Pick out each line below containing "VECTOR".

» **DATA**
-*-

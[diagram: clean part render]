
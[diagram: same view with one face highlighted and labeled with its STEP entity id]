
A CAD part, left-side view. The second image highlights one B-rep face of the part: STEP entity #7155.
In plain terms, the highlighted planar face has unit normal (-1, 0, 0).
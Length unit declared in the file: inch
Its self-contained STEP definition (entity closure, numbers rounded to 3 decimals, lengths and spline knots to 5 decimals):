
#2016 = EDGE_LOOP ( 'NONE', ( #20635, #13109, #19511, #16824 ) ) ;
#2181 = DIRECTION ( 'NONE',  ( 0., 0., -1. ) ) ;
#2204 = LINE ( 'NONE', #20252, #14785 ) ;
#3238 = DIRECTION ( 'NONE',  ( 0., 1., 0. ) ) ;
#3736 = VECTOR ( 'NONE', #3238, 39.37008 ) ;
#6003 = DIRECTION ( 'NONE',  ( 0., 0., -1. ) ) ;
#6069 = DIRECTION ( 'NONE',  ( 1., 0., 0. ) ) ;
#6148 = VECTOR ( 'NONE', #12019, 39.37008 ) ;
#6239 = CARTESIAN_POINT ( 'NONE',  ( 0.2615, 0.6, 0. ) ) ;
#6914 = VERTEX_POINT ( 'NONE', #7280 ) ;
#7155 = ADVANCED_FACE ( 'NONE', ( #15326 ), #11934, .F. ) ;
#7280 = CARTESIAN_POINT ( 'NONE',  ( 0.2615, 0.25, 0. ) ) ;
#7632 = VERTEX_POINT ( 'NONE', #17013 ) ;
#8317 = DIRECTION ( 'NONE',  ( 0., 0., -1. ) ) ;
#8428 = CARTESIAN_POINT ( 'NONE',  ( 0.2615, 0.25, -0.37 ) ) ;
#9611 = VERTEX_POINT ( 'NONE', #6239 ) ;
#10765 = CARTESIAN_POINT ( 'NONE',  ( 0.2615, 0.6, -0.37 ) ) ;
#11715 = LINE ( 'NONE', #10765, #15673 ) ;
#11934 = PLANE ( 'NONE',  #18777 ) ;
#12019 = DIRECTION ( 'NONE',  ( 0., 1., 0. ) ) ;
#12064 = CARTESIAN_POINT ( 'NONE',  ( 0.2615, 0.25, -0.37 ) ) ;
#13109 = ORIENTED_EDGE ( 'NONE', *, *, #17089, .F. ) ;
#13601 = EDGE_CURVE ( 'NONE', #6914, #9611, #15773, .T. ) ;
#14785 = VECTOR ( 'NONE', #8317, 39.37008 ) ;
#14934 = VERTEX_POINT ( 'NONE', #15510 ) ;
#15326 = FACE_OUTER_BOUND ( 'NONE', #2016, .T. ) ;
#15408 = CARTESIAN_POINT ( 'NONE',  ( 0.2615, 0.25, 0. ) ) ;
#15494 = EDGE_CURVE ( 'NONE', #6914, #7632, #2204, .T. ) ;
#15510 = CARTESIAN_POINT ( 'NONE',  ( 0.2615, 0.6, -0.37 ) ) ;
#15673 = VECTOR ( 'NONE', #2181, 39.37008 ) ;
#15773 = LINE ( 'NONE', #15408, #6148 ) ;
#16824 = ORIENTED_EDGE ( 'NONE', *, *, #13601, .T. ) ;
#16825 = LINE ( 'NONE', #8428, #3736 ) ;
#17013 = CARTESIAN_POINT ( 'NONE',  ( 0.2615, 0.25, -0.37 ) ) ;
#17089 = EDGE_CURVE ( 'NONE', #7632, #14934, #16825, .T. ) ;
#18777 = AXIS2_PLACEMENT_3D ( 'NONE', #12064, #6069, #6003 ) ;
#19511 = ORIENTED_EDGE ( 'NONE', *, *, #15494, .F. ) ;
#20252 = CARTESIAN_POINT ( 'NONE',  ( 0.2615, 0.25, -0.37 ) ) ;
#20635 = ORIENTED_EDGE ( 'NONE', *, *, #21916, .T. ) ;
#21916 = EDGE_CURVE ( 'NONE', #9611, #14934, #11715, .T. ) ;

-*-

» **SOLUTION TO THIS PROBLEM**
#3736 = VECTOR ( 'NONE', #3238, 39.37008 ) ;
#6148 = VECTOR ( 'NONE', #12019, 39.37008 ) ;
#14785 = VECTOR ( 'NONE', #8317, 39.37008 ) ;
#15673 = VECTOR ( 'NONE', #2181, 39.37008 ) ;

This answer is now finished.